RECORD EXTRACTS Start Marker

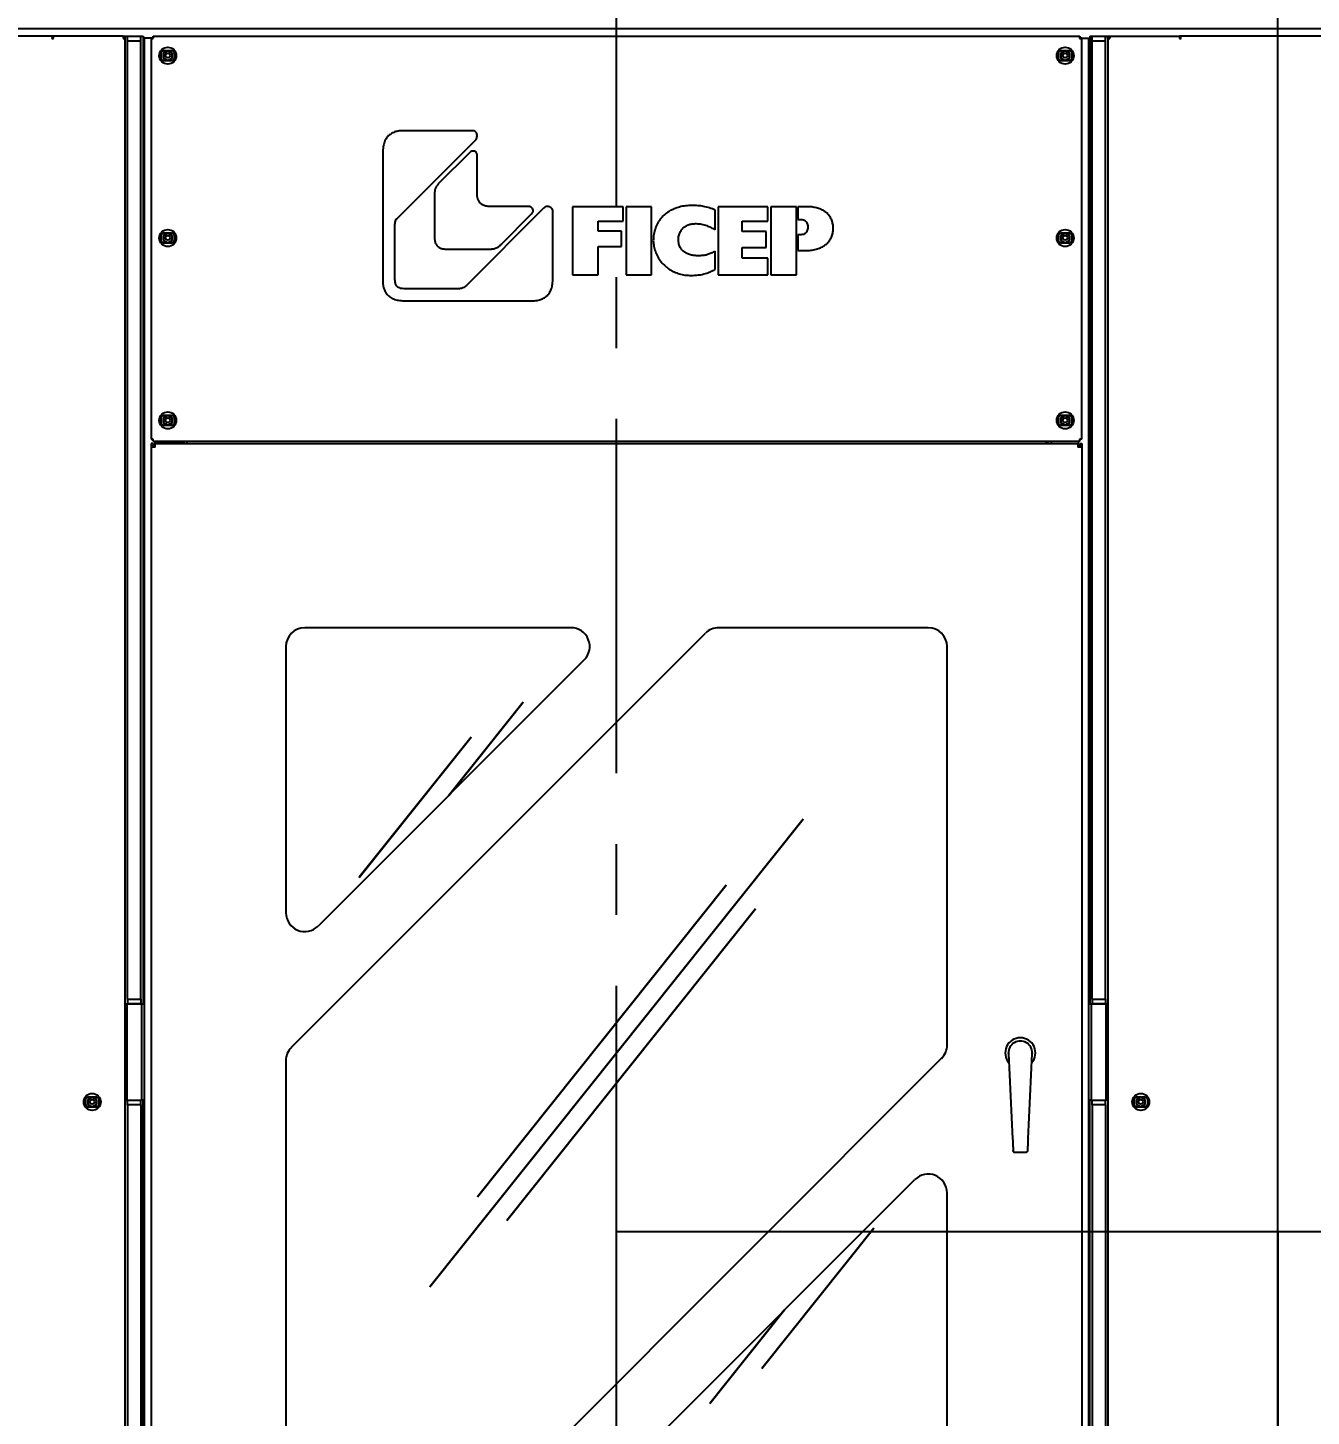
# Model space of a CAD drawing. Header units: inches. Extents: x 16559 to 58559, y 6500 to 36200.
# Drawn here: x 23121 to 24480, y 30594 to 32063 of the extents above; entities that cross this region are included whole.
import ezdxf

# ---------------------------------------------------------------- set-up
doc = ezdxf.new("R2010")
doc.units = ezdxf.units.IN
doc.header["$LTSCALE"] = 300
doc.linetypes.add('CENTRO', pattern=[2, 1.25, -0.25, 0.25, -0.25])
for name, color, linetype in [('ASSI', 254, 'CENTRO'), ('CONTORNO', 3, 'Continuous'), ('MACCHINA', 40, 'Continuous'), ('QUOTE', 7, 'Continuous')]:
    doc.layers.add(name, color=color, linetype=linetype)
doc.styles.get("Standard").update_dxf_attribs({"font": 'romans.shx'})
doc.dimstyles.new('sc1a100', dxfattribs={"dimscale": 100, "dimtxt": 3, "dimasz": 3, "dimexe": 0, "dimexo": 0, "dimgap": 1, "dimtad": 1, "dimzin": 12, "dimdsep": 46, "dimtxsty": 'Standard', "dimblk": 'CLOSEDBLANK', "dimcen": 1, "dimclrd": 253, "dimclre": 253, "dimclrt": 2, "dimadec": 0, "dimazin": 3, "dimtfac": 1, "dimtmove": 0, "dimatfit": 1, "dimldrblk": 'CLOSEDBLANK', "dimfxl": 1, "dimtolj": 1, "dimtzin": 0, "dimarcsym": 0})
doc.dimstyles.new('sc1a100_pollici', dxfattribs={"dimscale": 100, "dimtxt": 3, "dimasz": 3, "dimexe": 0, "dimexo": 0, "dimgap": 1, "dimtad": 1, "dimzin": 12, "dimdsep": 46, "dimtxsty": 'Standard', "dimblk": 'CLOSEDBLANK', "dimcen": 1, "dimclrd": 253, "dimclre": 253, "dimclrt": 2, "dimadec": 0, "dimazin": 3, "dimtfac": 1, "dimtmove": 0, "dimatfit": 1, "dimldrblk": 'CLOSEDBLANK', "dimfxl": 1, "dimtolj": 1, "dimtzin": 0, "dimarcsym": 0})

# ---------------------------------------------------------------- blocks, each defined once
blk = doc.blocks.new('A$Ced154922')
at = {"layer": 'ASSI'}
blk.add_line((0, -865), (0, 2335), dxfattribs=at)
at = {"layer": 'MACCHINA', "linetype": 'Continuous', "lineweight": 25}
for p, q in [((0, 1723), (-883.8, 1723)), ((883.8, 1723), (0, 1723)), ((-596.2, 1715), (-961.7, 1715)), ((-597.6, 1712.8), (-596.1, 1712.8)), ((-596.2, 1715), (-596.2, 1713)), ((-596, 1715), (-596.2, 1715)), ((-522.1, 1715), (-596, 1715)), ((-522.1, 1715), (-522.1, 1713)), ((-522.1, 1715), (-520, 1715)), ((-522.1, 1713), (-520, 1713)), ((-520, 1712.9), (-522, 1712.9)), ((-520, 1715), (-517.6, 1715)), ((-520, 1713), (-520, 1715)), ((-520, 1713), (-520, 1712.9)), ((-520, -434.8), (-520, 1712.9)), ((-517.6, 1710), (-517.6, 1715)), ((-517.6, 1715), (-503.4, 1715)), ((-503.4, 1710), (-517.6, 1710)), ((-517.6, 696), (-517.6, 1710)), ((-503.4, 1710), (-503.4, 1715)), ((-503.4, 1715), (-501, 1715)), ((-503.4, 696), (-503.4, 1710)), ((-501, 1715), (-501, 691)), ((-500, 1713), (-501, 1713)), ((-500, 1713), (-500, -437)), ((-490.4, 1713), (-500, 1713)), ((-492.5, 1712.9), (-492.5, 1288.7)), ((-492.5, 1712.9), (-490.5, 1712.9)), ((-490.3, 1712.9), (-490.5, 1712.9)), ((-490.4, 1715), (490.4, 1715)), ((-490.4, 1715), (-490.4, 1713)), ((490.5, 1712.9), (490.3, 1712.9)), ((490.4, 1715), (490.4, 1713)), ((490.4, 1713), (500, 1713)), ((492.5, 1712.9), (490.5, 1712.9)), ((492.5, 1288.7), (492.5, 1712.9)), ((500, -437), (500, 1713)), ((500, 1713), (501, 1713)), ((501, 1715), (501, 691)), ((501, 1715), (503.4, 1715)), ((503.4, 1710), (503.4, 1715)), ((503.4, 1715), (517.6, 1715)), ((517.6, 1710), (503.4, 1710)), ((503.4, 696), (503.4, 1710)), ((517.6, 1710), (517.6, 1715)), ((517.6, 1715), (520, 1715)), ((517.6, 696), (517.6, 1710)), ((520, 1713), (520, 1715)), ((520, 1715), (522.1, 1715)), ((520, 1713), (520, 1712.9)), ((520, 1713), (522.1, 1713)), ((520, 1712.9), (522, 1712.9)), ((520, 1712.9), (520, -434.8)), ((522.1, 1715), (596, 1715)), ((522.1, 1715), (522.1, 1713)), ((596.2, 1715), (596, 1715)), ((596.1, 1712.8), (597.6, 1712.8)), ((961.7, 1715), (596.2, 1715)), ((596.2, 1715), (596.2, 1713)), ((-482.5, 1696.5), (-482.5, 1692.5)), ((-475.4, 1699.5), (-479.6, 1697.2)), ((-479.6, 1697.2), (-479.6, 1691.9)), ((-479.6, 1691.9), (-475.4, 1689.5)), ((-470.5, 1699.5), (-479.5, 1699.5)), ((-479.5, 1697.2), (-475.3, 1699.5)), ((-479.5, 1692), (-479.5, 1697.2)), ((-475.2, 1689.5), (-479.5, 1692)), ((-470.5, 1692), (-474.7, 1689.5)), ((-474.6, 1699.5), (-470.5, 1697.2)), ((-474.6, 1689.5), (-470.5, 1691.9)), ((-470.5, 1697.2), (-470.5, 1692)), ((-470.5, 1691.9), (-470.5, 1697.2)), ((-467.5, 1692.5), (-467.5, 1696.5)), ((467.5, 1696.5), (467.5, 1692.5)), ((470.4, 1697.2), (474.6, 1699.5)), ((470.4, 1692), (470.4, 1697.2)), ((470.4, 1697.2), (470.4, 1691.9)), ((474.7, 1689.5), (470.4, 1692)), ((470.4, 1691.9), (474.6, 1689.5)), ((479.5, 1699.5), (470.5, 1699.5)), ((479.4, 1692), (475.2, 1689.5)), ((475.3, 1699.5), (479.4, 1697.2)), ((479.5, 1697.2), (475.4, 1699.5)), ((475.4, 1689.5), (479.5, 1691.9)), ((479.4, 1697.2), (479.4, 1692)), ((479.5, 1691.9), (479.5, 1697.2)), ((482.5, 1692.5), (482.5, 1696.5)), ((-479.5, 1689.5), (-470.5, 1689.5)), ((470.5, 1689.5), (479.5, 1689.5)), ((-232.3, 1522.1), (-149.4, 1605)), ((-153.2, 1615), (-225.9, 1615)), ((-155, 1592.4), (-188.6, 1558.8)), ((-147.6, 1547.3), (-147.6, 1589)), ((-192.6, 1548.3), (-192.6, 1502.7)), ((-77.2, 1533), (-158.9, 1451.2)), ((-114.7, 1534.7), (-135, 1534.7)), ((-67.4, 1457.5), (-67.4, 1529.2)), ((7, 1534.6), (-46.6, 1534.6)), ((-46.6, 1534.6), (-46.6, 1462.5)), ((7, 1519.4), (7, 1534.6)), ((36.9, 1534.6), (10.1, 1534.6)), ((10.1, 1534.6), (10.1, 1462.5)), ((36.9, 1462.5), (36.9, 1534.6)), ((104.5, 1510), (104.5, 1531.1)), ((107.8, 1534.6), (107.8, 1462.5)), ((160.1, 1534.6), (107.8, 1534.6)), ((160.1, 1519.4), (160.1, 1534.6)), ((163.5, 1534.6), (163.5, 1462.5)), ((190.4, 1534.6), (163.5, 1534.6)), ((190.4, 1462.5), (190.4, 1534.6)), ((191.9, 1534.6), (191.9, 1521.2)), ((200.8, 1534.6), (191.9, 1534.6)), ((-121.9, 1495.1), (-89.8, 1527.2)), ((-19.3, 1519.4), (7, 1519.4)), ((-19.3, 1508.7), (-19.3, 1519.4)), ((133.1, 1519.4), (160.1, 1519.4)), ((133.1, 1508.3), (133.1, 1519.4)), ((191.9, 1521.2), (193.9, 1521.2)), ((-482.5, 1503.5), (-482.5, 1499.5)), ((-475.4, 1506.5), (-479.6, 1504.2)), ((-479.6, 1504.2), (-479.6, 1498.9)), ((-470.5, 1506.5), (-479.5, 1506.5)), ((-479.5, 1504.2), (-475.3, 1506.5)), ((-479.5, 1499), (-479.5, 1504.2)), ((-474.6, 1506.5), (-470.5, 1504.2)), ((-470.5, 1504.2), (-470.5, 1499)), ((-470.5, 1498.9), (-470.5, 1504.2)), ((-467.5, 1499.5), (-467.5, 1503.5)), ((5.3, 1508.7), (-19.3, 1508.7)), ((5.3, 1492.5), (5.3, 1508.7)), ((158.6, 1508.3), (133.1, 1508.3)), ((158.6, 1491.5), (158.6, 1508.3)), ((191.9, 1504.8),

RECORD EXTRACTS End Marker

- **ABOUT THIS EXERCISE**
Write out the lines of the material above exactly, from its first line through the line that contains "import ezdxf", so that no picture appears in the copy.

- **EXERCISE RESPONSE**
# Model space of a CAD drawing. Header units: inches. Extents: x 16559 to 58559, y 6500 to 36200.
# Drawn here: x 23121 to 24480, y 30594 to 32063 of the extents above; entities that cross this region are included whole.
import ezdxf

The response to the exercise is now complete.